Records from a dataset
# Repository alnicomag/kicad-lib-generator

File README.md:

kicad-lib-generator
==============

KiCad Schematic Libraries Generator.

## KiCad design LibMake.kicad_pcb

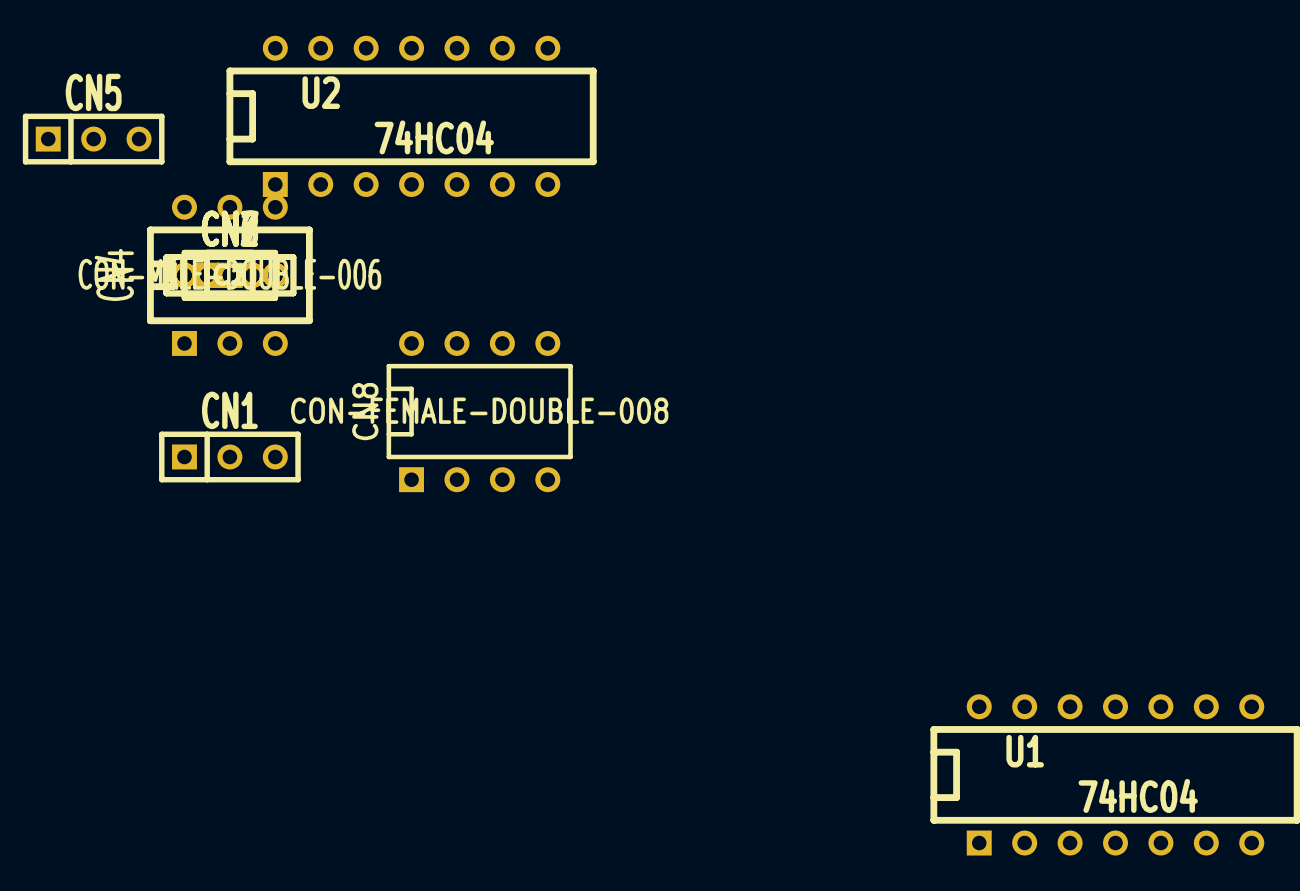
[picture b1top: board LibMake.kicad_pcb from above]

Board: 2 copper layers, 13 parts (0 on the bottom side), 2 nets, no tracks yet.

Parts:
C1: C-TYPE3; C2
C2: C-TYPE2; C2
C3: C-TYPE1; C2
CN1: CON-MALE-SINGLE-003; SIL-3
CN2: CON-MALE-SINGLE-002; SIL-2
CN3: CON-MALE-SINGLE-001; SIL-1
CN4: CON-MALE-DOUBLE-006; DIP-6__300
CN5: CON-FEMALE-SINGLE-003; SIL-3
CN6: CON-FEMALE-SINGLE-002; SIL-2
CN7: CON-FEMALE-SINGLE-001; SIL-1
CN8: CON-FEMALE-DOUBLE-008; DIP-8__300
U1, U2: 74HC04; DIP-14__300

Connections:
GND: U1.7, U2.7
VCC: U1.14, U2.14

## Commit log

2013-03-28 Rename c-type1.lib to C-type1.lib
2013-03-28 Rename c-type2.lib to C-type2.lib
2013-03-28 Rename c-type3.lib to C-type3.lib
2013-03-28 Rename r-type1.lib to R-type1.lib
2013-03-28 Rename r-type2.lib to R-type2.lib
2013-03-28 Add D,fet,jfet,tr
2013-03-28 Change directory
2013-03-28 Rename C-type1.lib to C.lib
2013-03-28 Rename L-type1.lib to L.lib
2013-03-28 Rename R-type1.lib to R.lib
2013-03-28 delete
2013-03-28 project update
2013-03-29 Uodate L.lib
2013-03-29 Add Generator
2013-03-29 Update
    Connector generator is finished.
2013-03-31 Update
    Add supply lib
2013-03-31 Update supply lib
2013-04-16 temp
2013-08-06 日本語を含む.csvをタブ区切りの.txtに変換
2013-08-06 Add .gitignore
2013-08-06 .gitignore is now working
2013-08-06 ディレクトリ変更．

▶ _Assignment_: Copy all of the data word for word, and keep the pictures out of it.

▶ _Task solution_:
# Repository alnicomag/kicad-lib-generator

File README.md:

kicad-lib-generator
==============

KiCad Schematic Libraries Generator.

## KiCad design LibMake.kicad_pcb

[picture b1top: board LibMake.kicad_pcb from above]

Board: 2 copper layers, 13 parts (0 on the bottom side), 2 nets, no tracks yet.

Parts:
C1: C-TYPE3; C2
C2: C-TYPE2; C2
C3: C-TYPE1; C2
CN1: CON-MALE-SINGLE-003; SIL-3
CN2: CON-MALE-SINGLE-002; SIL-2
CN3: CON-MALE-SINGLE-001; SIL-1
CN4: CON-MALE-DOUBLE-006; DIP-6__300
CN5: CON-FEMALE-SINGLE-003; SIL-3
CN6: CON-FEMALE-SINGLE-002; SIL-2
CN7: CON-FEMALE-SINGLE-001; SIL-1
CN8: CON-FEMALE-DOUBLE-008; DIP-8__300
U1, U2: 74HC04; DIP-14__300

Connections:
GND: U1.7, U2.7
VCC: U1.14, U2.14

## Commit log

2013-03-28 Rename c-type1.lib to C-type1.lib
2013-03-28 Rename c-type2.lib to C-type2.lib
2013-03-28 Rename c-type3.lib to C-type3.lib
2013-03-28 Rename r-type1.lib to R-type1.lib
2013-03-28 Rename r-type2.lib to R-type2.lib
2013-03-28 Add D,fet,jfet,tr
2013-03-28 Change directory
2013-03-28 Rename C-type1.lib to C.lib
2013-03-28 Rename L-type1.lib to L.lib
2013-03-28 Rename R-type1.lib to R.lib
2013-03-28 delete
2013-03-28 project update
2013-03-29 Uodate L.lib
2013-03-29 Add Generator
2013-03-29 Update
    Connector generator is finished.
2013-03-31 Update
    Add supply lib
2013-03-31 Update supply lib
2013-04-16 temp
2013-08-06 日本語を含む.csvをタブ区切りの.txtに変換
2013-08-06 Add .gitignore
2013-08-06 .gitignore is now working
2013-08-06 ディレクトリ変更．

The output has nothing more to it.